* Records supplied:
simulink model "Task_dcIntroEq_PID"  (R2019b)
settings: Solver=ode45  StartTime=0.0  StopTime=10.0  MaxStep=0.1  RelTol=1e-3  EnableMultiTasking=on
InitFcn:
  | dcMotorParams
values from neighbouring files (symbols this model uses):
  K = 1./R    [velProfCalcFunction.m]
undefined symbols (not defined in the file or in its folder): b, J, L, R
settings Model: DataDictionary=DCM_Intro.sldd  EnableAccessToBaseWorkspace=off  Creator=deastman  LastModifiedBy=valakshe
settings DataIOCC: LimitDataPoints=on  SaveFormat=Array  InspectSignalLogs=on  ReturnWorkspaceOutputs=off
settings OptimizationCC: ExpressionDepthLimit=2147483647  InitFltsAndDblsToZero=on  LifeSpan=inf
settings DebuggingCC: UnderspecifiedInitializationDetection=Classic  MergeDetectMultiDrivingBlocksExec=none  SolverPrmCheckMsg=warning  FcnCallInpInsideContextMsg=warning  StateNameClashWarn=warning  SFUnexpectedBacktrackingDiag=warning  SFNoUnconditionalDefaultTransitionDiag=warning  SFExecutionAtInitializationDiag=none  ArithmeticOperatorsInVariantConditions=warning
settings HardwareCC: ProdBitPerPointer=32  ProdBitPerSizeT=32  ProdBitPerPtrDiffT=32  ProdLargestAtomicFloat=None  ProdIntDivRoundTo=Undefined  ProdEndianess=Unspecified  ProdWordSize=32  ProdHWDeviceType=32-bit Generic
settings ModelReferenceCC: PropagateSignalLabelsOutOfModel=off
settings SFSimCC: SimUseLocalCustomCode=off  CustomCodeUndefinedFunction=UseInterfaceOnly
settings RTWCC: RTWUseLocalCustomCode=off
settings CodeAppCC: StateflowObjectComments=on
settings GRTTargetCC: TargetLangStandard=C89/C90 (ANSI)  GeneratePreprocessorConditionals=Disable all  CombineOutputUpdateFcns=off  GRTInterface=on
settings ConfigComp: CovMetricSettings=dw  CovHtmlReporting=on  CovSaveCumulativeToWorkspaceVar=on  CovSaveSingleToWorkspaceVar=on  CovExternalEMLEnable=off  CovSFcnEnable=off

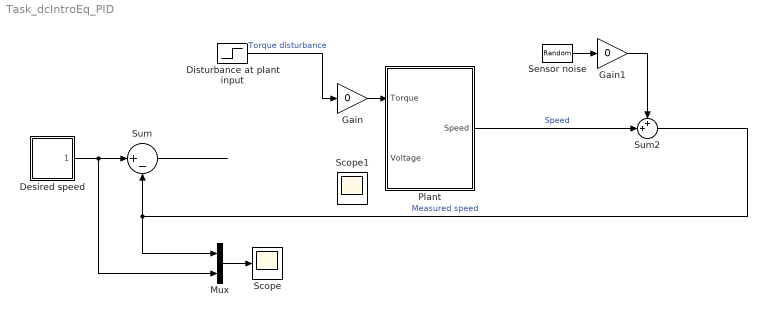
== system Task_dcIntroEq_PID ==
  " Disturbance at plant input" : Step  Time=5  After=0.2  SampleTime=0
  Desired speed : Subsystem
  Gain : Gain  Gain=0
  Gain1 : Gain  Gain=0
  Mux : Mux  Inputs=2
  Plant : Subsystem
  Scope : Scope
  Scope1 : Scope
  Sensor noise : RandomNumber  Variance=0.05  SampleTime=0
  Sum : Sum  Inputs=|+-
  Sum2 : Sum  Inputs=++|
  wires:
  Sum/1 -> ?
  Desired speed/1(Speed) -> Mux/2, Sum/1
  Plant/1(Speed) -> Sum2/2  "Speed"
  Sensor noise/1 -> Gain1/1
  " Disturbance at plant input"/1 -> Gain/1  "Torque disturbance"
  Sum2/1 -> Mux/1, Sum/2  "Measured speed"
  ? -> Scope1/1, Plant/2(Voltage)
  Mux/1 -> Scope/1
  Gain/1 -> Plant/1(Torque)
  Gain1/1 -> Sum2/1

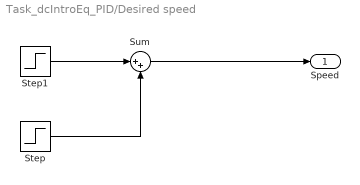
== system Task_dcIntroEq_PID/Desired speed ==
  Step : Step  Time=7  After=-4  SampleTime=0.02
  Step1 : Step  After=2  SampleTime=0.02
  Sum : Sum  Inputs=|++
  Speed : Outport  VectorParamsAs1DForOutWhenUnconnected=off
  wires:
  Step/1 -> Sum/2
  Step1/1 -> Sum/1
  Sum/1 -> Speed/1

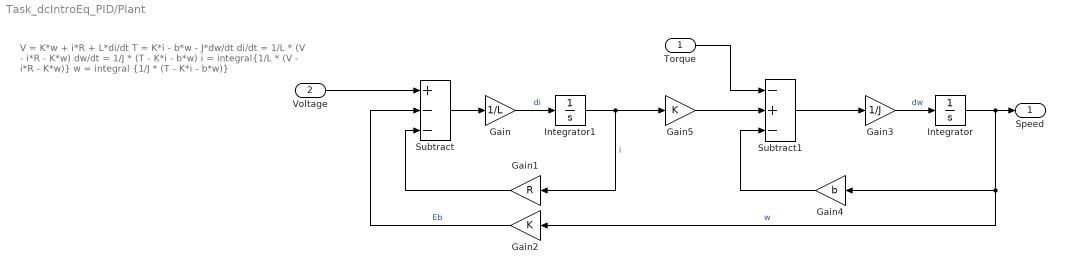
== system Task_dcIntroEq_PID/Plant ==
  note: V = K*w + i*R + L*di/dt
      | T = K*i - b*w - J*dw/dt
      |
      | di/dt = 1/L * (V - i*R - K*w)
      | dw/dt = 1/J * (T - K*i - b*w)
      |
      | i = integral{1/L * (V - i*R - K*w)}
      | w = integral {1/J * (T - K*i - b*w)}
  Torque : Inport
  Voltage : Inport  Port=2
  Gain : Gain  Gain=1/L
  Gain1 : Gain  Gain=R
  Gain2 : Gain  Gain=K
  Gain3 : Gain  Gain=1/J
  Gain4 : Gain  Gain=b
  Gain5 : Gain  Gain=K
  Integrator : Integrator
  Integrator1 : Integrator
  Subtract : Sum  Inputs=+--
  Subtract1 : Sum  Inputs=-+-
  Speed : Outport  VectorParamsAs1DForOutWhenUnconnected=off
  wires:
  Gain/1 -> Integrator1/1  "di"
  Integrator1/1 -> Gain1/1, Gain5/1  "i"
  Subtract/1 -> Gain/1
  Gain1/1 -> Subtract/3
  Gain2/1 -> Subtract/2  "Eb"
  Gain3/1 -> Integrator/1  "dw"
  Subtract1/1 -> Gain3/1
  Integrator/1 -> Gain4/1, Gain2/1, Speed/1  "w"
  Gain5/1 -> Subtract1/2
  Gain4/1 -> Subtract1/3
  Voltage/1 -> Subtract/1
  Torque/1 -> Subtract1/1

* Exercise directions: Where a line in the entries holds the word "Voltage", copy that line.

* Expected answer:
  ? -> Scope1/1, Plant/2(Voltage)
  Voltage : Inport  Port=2
  Voltage/1 -> Subtract/1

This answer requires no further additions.